- Location: Wauconda, Illinois
- Coordinates: 42°15′14″N 88°07′49″W﻿ / ﻿42.2539°N 88.1302°W
- Area: 67 acres (27 ha)
- Established: 1972
- Governing body: Illinois Department of Natural Resources
- Website: www.dnr.illinois.gov/INPC/Pages/Area2LakeWaucondaBog.aspx

U.S. National Natural Landmark
- Designated: 1972

= Wauconda Bog Nature Preserve =

Wauconda Bog Nature Preserve is a tamarack bog nature preserve located in Wauconda (a suburb of Chicago) Lake County, Illinois. It is a National Natural Landmark.

==Biological history==
The Wauconda Bog is a wetland created by the Wisconsin glaciation, the most recent of the so-called ice ages to affect the Illinois landscape. Core samples have been extracted from the peat layers contained within the bog, and they have told a vivid story of climate change in central North America during the postglacial period. Different levels of temperature and precipitation encouraged the growth of very different kinds of plant life during this period; these diverse species released large quantities of characteristic pollen, which was trapped within the layers of peat preserved here.

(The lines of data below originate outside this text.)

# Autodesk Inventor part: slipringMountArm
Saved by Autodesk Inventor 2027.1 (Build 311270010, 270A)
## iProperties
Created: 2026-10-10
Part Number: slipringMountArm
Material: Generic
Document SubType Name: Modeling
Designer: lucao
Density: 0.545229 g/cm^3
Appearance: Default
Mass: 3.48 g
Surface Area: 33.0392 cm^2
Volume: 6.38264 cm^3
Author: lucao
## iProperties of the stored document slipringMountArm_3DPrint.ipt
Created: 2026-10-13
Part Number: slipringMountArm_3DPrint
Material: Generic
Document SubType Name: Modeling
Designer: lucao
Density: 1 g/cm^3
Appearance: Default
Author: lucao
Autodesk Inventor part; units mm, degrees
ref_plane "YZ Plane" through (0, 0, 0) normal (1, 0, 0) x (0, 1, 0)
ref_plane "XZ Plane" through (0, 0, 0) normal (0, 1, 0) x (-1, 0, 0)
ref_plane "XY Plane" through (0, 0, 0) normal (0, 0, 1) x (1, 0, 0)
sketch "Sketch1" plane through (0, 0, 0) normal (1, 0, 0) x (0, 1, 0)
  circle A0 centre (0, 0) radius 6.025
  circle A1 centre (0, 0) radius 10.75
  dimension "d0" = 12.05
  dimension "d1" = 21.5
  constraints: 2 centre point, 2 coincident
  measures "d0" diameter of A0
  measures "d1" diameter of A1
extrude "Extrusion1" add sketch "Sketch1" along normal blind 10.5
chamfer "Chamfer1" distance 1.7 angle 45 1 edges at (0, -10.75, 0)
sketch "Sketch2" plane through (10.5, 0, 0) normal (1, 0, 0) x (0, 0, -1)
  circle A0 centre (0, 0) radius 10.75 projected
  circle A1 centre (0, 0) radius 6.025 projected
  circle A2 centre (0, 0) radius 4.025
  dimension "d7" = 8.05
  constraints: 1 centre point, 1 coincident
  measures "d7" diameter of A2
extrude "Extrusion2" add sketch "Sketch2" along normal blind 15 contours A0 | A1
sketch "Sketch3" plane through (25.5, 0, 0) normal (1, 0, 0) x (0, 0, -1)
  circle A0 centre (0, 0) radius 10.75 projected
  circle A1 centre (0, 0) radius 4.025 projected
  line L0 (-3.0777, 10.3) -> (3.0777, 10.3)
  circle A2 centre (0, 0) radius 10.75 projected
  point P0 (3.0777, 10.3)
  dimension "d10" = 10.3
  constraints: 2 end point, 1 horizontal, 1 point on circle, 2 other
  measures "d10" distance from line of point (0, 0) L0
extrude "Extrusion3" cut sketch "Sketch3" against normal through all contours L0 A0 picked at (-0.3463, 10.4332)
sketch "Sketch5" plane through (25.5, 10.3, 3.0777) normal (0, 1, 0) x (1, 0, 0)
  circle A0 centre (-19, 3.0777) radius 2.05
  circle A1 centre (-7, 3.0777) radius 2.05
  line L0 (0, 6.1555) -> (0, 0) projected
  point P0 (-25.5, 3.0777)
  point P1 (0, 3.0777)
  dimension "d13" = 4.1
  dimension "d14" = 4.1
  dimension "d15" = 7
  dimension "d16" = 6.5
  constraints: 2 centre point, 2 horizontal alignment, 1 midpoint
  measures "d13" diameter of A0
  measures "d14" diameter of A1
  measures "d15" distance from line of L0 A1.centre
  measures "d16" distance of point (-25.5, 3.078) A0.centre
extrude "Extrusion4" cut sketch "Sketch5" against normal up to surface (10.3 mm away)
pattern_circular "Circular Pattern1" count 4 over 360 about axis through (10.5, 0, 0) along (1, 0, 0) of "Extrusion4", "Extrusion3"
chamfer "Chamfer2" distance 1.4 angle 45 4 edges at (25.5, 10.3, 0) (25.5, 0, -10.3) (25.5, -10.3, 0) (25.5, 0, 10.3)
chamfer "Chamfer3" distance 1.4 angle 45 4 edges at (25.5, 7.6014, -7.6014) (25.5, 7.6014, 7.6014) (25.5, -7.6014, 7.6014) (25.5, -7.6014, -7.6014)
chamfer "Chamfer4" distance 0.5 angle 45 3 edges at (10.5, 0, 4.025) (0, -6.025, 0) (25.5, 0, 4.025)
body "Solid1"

Geomorphologists sometimes compare the Wauconda Bog with the nearby Volo Bog, also a National Natural Landmark located about 7 miles (11 km) north of the Wauconda Bog. The two bogs displays different stages of a bog's life cycle. The Wauconda Bog, unlike Volo Bog, no longer has any patches of open water; instead, layers of wet and damp peat support characteristic wetland plant forms such as tamarack, cattails, wetland orchids, yellow birch, and poison sumac.

==Today==
A 67 acre parcel that comprises the Wauconda Bog site is owned by the Lake County Forest Preserve District. It is minimally accessible to the public. U.S. Highway 12 adjoins the bog.

The bog was named as an Illinois Nature Preserve in 1970, and was designated a National Natural Landmark in 1972.